[Source data]
_ _ _ _ _ _ _

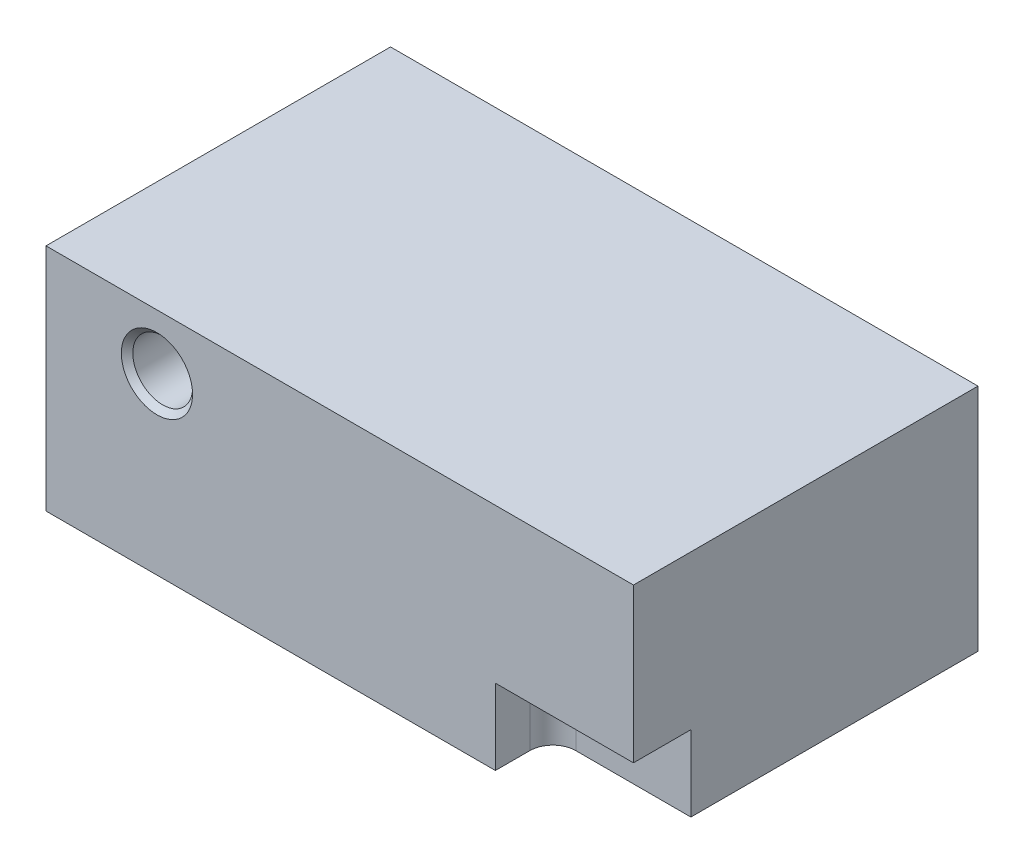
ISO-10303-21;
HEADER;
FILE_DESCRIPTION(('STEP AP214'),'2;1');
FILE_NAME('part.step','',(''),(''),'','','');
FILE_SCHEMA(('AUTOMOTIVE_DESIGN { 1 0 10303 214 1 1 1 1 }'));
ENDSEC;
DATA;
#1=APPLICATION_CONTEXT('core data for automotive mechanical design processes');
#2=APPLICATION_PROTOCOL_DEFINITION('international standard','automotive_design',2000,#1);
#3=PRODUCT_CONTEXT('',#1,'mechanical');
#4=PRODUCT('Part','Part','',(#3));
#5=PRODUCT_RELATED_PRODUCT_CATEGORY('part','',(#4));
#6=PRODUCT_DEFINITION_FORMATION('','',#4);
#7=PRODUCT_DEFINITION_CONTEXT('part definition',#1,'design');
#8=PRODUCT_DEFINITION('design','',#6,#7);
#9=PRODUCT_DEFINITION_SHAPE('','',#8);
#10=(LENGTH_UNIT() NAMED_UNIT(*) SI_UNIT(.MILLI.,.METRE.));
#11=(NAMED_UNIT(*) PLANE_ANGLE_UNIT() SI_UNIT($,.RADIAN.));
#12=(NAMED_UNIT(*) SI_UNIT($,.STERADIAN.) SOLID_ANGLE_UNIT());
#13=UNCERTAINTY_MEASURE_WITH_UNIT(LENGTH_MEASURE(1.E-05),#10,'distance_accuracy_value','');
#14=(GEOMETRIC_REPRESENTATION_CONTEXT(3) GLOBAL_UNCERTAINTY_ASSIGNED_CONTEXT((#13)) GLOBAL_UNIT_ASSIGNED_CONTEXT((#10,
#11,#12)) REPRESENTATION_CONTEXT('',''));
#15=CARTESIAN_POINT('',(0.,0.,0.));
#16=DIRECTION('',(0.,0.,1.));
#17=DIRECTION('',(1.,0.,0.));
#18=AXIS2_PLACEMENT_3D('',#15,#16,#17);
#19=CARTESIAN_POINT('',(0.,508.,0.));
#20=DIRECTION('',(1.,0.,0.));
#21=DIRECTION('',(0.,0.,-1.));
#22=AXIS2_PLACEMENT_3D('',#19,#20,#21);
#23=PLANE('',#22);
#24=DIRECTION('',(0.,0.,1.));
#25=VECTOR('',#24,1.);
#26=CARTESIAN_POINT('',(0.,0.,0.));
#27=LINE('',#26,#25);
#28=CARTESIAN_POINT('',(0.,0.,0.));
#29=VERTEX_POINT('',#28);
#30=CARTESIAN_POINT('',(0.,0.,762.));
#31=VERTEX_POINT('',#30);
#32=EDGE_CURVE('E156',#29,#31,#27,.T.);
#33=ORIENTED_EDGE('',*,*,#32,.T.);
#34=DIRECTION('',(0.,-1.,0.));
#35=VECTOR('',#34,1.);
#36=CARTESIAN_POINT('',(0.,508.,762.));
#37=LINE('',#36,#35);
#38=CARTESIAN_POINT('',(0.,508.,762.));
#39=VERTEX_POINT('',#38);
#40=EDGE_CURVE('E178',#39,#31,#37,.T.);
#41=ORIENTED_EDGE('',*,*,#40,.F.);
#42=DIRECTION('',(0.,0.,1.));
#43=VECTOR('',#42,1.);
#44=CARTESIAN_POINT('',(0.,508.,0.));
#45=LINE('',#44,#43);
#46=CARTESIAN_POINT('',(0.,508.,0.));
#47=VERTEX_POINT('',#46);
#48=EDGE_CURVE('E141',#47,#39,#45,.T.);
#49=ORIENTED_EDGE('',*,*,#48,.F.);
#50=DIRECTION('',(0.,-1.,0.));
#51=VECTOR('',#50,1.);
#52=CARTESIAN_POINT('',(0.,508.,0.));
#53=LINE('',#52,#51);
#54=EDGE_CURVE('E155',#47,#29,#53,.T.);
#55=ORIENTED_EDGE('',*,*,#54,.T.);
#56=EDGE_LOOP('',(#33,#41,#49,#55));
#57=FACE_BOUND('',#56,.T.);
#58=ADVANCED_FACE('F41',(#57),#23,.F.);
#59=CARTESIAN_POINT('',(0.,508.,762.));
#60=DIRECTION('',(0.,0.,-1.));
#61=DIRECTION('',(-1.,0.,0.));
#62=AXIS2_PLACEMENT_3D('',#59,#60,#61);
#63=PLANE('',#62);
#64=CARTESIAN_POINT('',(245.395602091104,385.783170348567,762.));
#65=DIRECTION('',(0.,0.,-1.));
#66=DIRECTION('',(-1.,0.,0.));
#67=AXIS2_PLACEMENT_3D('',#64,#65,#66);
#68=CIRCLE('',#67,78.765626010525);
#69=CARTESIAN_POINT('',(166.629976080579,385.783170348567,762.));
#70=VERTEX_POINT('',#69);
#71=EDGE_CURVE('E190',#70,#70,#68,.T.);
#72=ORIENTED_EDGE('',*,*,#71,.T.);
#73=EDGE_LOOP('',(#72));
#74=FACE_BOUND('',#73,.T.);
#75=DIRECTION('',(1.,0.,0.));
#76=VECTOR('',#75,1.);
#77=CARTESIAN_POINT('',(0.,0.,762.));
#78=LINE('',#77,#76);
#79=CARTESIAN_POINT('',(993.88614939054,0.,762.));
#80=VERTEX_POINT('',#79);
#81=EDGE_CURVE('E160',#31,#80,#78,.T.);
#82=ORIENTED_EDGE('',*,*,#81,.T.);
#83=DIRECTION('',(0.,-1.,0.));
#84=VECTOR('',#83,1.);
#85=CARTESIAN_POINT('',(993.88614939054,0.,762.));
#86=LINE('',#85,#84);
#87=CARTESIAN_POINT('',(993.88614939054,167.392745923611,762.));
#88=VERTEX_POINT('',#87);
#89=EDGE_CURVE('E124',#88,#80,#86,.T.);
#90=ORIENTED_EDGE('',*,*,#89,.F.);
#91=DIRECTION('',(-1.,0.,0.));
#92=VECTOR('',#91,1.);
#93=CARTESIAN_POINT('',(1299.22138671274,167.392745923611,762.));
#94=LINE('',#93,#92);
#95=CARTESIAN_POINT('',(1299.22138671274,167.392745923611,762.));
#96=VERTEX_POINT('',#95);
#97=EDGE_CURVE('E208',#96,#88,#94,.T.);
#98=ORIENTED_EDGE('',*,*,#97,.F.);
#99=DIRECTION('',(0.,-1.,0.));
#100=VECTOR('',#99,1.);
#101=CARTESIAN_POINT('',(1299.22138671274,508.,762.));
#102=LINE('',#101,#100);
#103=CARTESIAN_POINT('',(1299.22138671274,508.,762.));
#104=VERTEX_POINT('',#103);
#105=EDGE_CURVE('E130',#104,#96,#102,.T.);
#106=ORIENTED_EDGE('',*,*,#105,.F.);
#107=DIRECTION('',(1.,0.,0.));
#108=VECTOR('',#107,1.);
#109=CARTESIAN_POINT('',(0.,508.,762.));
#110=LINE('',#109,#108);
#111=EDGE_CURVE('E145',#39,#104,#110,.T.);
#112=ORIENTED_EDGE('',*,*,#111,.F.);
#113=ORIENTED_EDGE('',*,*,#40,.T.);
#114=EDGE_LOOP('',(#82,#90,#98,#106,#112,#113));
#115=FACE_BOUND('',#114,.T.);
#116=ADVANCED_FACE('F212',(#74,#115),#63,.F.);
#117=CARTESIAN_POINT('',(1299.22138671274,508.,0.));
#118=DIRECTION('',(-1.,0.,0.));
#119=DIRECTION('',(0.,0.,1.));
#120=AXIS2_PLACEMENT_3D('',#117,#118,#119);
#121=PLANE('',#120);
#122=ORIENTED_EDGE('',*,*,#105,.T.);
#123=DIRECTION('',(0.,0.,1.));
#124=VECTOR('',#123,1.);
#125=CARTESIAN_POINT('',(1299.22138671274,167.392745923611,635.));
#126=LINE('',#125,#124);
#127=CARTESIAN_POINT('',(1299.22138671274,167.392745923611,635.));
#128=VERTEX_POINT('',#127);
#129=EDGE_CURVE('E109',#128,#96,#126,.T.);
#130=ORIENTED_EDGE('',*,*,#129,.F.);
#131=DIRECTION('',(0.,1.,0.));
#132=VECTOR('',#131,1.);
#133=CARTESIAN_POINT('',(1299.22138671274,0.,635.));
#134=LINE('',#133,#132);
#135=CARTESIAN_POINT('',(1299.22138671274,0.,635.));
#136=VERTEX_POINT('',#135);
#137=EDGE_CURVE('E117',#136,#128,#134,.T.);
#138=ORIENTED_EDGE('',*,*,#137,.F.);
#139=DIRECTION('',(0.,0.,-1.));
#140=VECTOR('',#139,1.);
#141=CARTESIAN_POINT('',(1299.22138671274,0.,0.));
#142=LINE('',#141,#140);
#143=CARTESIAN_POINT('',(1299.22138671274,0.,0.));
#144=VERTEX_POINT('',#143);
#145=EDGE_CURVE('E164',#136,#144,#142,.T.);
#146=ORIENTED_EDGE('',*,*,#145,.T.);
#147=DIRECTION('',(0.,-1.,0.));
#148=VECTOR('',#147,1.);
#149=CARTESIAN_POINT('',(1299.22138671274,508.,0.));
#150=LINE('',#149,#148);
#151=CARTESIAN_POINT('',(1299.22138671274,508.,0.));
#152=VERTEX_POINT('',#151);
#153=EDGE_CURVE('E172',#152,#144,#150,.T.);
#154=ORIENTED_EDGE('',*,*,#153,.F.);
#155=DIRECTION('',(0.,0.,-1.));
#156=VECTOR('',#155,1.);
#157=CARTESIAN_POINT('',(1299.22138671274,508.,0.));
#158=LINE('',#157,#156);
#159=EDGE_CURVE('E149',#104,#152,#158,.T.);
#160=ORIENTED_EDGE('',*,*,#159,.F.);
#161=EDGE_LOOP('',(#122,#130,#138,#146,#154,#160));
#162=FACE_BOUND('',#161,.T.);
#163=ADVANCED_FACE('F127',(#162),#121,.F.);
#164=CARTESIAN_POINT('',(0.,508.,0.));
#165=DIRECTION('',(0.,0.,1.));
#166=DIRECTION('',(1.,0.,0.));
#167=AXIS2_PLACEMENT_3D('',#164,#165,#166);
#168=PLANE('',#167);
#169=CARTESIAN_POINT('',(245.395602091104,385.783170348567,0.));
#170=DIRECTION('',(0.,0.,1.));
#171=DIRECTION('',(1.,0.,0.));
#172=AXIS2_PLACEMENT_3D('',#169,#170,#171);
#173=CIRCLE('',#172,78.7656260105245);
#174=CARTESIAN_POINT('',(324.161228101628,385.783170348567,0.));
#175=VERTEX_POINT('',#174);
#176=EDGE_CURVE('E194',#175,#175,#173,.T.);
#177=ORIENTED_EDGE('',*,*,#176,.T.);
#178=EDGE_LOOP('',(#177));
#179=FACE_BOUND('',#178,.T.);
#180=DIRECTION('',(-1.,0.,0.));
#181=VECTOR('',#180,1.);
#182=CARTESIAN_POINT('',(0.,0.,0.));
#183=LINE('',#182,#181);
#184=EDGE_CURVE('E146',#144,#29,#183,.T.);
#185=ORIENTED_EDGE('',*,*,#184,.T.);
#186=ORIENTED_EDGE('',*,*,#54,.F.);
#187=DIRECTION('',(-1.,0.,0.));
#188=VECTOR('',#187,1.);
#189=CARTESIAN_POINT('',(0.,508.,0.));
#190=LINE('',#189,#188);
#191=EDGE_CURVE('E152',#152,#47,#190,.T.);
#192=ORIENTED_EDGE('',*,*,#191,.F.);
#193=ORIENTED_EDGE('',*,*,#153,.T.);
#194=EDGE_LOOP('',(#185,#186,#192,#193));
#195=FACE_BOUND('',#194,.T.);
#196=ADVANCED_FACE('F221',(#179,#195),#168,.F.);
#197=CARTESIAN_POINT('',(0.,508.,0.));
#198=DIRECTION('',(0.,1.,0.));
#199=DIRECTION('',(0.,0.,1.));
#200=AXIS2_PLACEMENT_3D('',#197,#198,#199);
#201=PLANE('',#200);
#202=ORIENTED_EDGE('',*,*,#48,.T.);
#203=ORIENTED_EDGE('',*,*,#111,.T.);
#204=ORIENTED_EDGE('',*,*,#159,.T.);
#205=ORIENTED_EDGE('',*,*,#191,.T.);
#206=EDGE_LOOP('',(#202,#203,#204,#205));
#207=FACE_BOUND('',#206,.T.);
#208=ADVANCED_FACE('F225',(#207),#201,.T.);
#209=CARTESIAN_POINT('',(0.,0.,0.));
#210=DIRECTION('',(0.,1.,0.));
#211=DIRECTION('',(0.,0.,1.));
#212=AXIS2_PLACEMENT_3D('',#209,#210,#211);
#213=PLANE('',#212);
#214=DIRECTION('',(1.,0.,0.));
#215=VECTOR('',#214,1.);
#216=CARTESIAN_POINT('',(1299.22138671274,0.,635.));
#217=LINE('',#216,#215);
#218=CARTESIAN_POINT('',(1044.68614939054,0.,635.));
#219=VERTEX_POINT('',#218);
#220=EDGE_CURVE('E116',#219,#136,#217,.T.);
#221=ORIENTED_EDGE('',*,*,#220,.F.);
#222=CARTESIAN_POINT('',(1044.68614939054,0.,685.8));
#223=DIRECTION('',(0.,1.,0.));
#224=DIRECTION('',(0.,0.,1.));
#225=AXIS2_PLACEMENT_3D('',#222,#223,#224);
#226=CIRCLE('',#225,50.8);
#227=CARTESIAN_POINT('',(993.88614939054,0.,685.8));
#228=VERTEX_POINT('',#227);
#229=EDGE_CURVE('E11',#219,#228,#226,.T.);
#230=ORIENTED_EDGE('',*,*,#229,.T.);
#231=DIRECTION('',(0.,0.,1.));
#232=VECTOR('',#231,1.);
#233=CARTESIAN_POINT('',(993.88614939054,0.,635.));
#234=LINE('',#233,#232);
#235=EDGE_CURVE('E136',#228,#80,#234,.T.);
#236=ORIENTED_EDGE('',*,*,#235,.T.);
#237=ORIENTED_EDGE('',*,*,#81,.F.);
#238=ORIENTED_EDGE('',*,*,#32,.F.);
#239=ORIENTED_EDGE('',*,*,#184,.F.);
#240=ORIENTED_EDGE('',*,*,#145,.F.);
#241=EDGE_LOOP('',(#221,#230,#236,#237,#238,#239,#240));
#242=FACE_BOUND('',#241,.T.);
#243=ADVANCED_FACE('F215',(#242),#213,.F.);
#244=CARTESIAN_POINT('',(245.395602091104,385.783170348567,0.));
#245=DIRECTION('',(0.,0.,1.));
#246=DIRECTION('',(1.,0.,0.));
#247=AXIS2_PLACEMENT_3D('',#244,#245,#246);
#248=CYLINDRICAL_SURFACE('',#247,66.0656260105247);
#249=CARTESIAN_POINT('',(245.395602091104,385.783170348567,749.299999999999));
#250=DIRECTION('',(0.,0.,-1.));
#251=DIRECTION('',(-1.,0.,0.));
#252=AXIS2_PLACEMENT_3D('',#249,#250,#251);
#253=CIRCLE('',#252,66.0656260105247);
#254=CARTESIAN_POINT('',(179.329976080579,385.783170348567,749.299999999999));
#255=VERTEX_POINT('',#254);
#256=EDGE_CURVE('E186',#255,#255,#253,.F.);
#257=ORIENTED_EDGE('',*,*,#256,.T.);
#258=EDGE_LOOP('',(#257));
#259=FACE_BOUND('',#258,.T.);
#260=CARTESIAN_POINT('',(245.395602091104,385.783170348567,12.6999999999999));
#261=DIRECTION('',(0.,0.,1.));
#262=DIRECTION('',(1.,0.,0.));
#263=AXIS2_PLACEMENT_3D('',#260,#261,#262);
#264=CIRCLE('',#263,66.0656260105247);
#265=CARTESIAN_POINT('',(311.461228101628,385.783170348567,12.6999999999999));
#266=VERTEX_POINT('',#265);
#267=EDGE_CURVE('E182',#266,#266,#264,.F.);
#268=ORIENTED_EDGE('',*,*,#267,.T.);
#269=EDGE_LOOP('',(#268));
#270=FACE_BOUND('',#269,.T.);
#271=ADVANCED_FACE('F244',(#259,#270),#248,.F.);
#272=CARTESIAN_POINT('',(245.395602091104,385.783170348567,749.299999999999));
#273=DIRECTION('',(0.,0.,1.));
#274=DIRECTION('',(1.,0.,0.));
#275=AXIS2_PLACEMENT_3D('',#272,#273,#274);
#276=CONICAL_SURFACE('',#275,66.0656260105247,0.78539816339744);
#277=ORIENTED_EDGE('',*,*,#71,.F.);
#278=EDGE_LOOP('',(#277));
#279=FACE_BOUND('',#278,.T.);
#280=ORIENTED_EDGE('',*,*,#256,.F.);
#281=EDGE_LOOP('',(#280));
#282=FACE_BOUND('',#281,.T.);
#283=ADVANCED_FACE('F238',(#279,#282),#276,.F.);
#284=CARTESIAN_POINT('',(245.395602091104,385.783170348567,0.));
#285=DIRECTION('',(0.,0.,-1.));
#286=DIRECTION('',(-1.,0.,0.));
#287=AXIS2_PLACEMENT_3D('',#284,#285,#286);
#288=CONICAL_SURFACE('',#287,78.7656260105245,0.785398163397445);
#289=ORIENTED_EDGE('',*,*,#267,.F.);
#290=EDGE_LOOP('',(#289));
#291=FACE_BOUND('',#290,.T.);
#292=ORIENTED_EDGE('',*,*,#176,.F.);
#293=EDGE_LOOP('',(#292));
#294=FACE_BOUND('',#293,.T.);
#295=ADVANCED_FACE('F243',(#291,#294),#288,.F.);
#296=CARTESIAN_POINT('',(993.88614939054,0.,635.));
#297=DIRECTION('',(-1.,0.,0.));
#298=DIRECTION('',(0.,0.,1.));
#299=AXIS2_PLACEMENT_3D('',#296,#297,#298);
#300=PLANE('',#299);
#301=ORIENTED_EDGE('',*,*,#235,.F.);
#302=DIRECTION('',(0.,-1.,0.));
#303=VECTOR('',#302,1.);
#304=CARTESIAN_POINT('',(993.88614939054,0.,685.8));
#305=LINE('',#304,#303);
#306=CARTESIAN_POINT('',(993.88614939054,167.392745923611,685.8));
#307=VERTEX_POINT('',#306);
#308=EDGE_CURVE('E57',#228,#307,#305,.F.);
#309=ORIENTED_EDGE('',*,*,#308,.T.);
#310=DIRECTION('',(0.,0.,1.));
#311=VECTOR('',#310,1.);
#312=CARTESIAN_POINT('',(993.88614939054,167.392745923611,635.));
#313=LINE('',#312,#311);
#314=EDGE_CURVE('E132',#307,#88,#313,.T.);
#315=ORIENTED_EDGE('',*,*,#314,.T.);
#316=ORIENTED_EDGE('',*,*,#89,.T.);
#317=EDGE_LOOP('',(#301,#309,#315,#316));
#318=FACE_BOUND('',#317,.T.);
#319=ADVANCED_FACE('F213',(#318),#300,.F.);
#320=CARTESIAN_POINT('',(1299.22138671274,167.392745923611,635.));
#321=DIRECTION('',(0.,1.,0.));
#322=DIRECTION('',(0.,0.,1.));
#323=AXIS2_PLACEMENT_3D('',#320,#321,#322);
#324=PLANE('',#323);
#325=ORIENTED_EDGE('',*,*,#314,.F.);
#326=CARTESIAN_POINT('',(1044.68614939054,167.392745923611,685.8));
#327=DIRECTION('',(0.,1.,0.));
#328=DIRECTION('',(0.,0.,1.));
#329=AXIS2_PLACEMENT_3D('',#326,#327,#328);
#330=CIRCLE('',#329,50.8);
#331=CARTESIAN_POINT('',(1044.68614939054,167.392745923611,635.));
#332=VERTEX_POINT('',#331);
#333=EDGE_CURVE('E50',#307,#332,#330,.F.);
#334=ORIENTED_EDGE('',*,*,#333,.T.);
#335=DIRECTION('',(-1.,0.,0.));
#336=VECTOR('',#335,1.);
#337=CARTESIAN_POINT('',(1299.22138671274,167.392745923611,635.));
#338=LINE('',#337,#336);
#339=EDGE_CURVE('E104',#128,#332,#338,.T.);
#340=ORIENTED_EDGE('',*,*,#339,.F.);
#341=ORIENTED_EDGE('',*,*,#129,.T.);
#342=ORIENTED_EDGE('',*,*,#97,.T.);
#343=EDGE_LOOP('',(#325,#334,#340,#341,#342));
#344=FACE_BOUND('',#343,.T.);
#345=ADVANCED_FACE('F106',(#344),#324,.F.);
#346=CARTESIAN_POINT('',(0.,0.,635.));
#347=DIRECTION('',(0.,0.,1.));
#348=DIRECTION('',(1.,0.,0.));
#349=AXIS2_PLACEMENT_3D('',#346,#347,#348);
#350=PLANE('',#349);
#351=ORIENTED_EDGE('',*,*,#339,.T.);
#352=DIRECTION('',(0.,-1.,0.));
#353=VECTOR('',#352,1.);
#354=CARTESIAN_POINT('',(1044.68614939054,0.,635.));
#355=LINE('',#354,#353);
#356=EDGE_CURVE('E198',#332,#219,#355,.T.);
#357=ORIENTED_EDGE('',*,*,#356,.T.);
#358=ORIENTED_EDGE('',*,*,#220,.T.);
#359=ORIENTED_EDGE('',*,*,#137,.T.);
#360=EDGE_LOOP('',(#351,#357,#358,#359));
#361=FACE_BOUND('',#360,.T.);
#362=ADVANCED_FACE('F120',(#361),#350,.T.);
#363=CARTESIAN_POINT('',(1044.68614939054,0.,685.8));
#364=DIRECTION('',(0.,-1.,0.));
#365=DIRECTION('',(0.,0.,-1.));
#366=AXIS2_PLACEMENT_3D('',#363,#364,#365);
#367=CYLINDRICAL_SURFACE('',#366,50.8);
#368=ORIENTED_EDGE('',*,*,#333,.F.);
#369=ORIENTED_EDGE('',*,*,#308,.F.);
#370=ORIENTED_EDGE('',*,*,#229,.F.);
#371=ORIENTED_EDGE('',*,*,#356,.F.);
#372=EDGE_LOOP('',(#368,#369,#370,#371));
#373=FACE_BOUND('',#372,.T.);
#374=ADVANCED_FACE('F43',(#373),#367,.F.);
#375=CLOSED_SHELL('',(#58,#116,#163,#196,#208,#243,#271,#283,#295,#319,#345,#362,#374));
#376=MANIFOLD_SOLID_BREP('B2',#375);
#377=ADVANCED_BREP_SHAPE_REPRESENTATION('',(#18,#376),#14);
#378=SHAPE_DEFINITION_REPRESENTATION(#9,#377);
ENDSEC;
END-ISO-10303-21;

_ _ _ _ _ _ _

AIM OF THE TASK:
Could you retype exactly the lines above, starting at the line that contains "#225=AXIS2_PLACEMENT_3D('',#222,#223,#224);" and ending at the line that contains "#274=DIRECTION('',(1.,0.,0.));", and nothing more?

TASK RESULT:
#225=AXIS2_PLACEMENT_3D('',#222,#223,#224);
#226=CIRCLE('',#225,50.8);
#227=CARTESIAN_POINT('',(993.88614939054,0.,685.8));
#228=VERTEX_POINT('',#227);
#229=EDGE_CURVE('E11',#219,#228,#226,.T.);
#230=ORIENTED_EDGE('',*,*,#229,.T.);
#231=DIRECTION('',(0.,0.,1.));
#232=VECTOR('',#231,1.);
#233=CARTESIAN_POINT('',(993.88614939054,0.,635.));
#234=LINE('',#233,#232);
#235=EDGE_CURVE('E136',#228,#80,#234,.T.);
#236=ORIENTED_EDGE('',*,*,#235,.T.);
#237=ORIENTED_EDGE('',*,*,#81,.F.);
#238=ORIENTED_EDGE('',*,*,#32,.F.);
#239=ORIENTED_EDGE('',*,*,#184,.F.);
#240=ORIENTED_EDGE('',*,*,#145,.F.);
#241=EDGE_LOOP('',(#221,#230,#236,#237,#238,#239,#240));
#242=FACE_BOUND('',#241,.T.);
#243=ADVANCED_FACE('F215',(#242),#213,.F.);
#244=CARTESIAN_POINT('',(245.395602091104,385.783170348567,0.));
#245=DIRECTION('',(0.,0.,1.));
#246=DIRECTION('',(1.,0.,0.));
#247=AXIS2_PLACEMENT_3D('',#244,#245,#246);
#248=CYLINDRICAL_SURFACE('',#247,66.0656260105247);
#249=CARTESIAN_POINT('',(245.395602091104,385.783170348567,749.299999999999));
#250=DIRECTION('',(0.,0.,-1.));
#251=DIRECTION('',(-1.,0.,0.));
#252=AXIS2_PLACEMENT_3D('',#249,#250,#251);
#253=CIRCLE('',#252,66.0656260105247);
#254=CARTESIAN_POINT('',(179.329976080579,385.783170348567,749.299999999999));
#255=VERTEX_POINT('',#254);
#256=EDGE_CURVE('E186',#255,#255,#253,.F.);
#257=ORIENTED_EDGE('',*,*,#256,.T.);
#258=EDGE_LOOP('',(#257));
#259=FACE_BOUND('',#258,.T.);
#260=CARTESIAN_POINT('',(245.395602091104,385.783170348567,12.6999999999999));
#261=DIRECTION('',(0.,0.,1.));
#262=DIRECTION('',(1.,0.,0.));
#263=AXIS2_PLACEMENT_3D('',#260,#261,#262);
#264=CIRCLE('',#263,66.0656260105247);
#265=CARTESIAN_POINT('',(311.461228101628,385.783170348567,12.6999999999999));
#266=VERTEX_POINT('',#265);
#267=EDGE_CURVE('E182',#266,#266,#264,.F.);
#268=ORIENTED_EDGE('',*,*,#267,.T.);
#269=EDGE_LOOP('',(#268));
#270=FACE_BOUND('',#269,.T.);
#271=ADVANCED_FACE('F244',(#259,#270),#248,.F.);
#272=CARTESIAN_POINT('',(245.395602091104,385.783170348567,749.299999999999));
#273=DIRECTION('',(0.,0.,1.));
#274=DIRECTION('',(1.,0.,0.));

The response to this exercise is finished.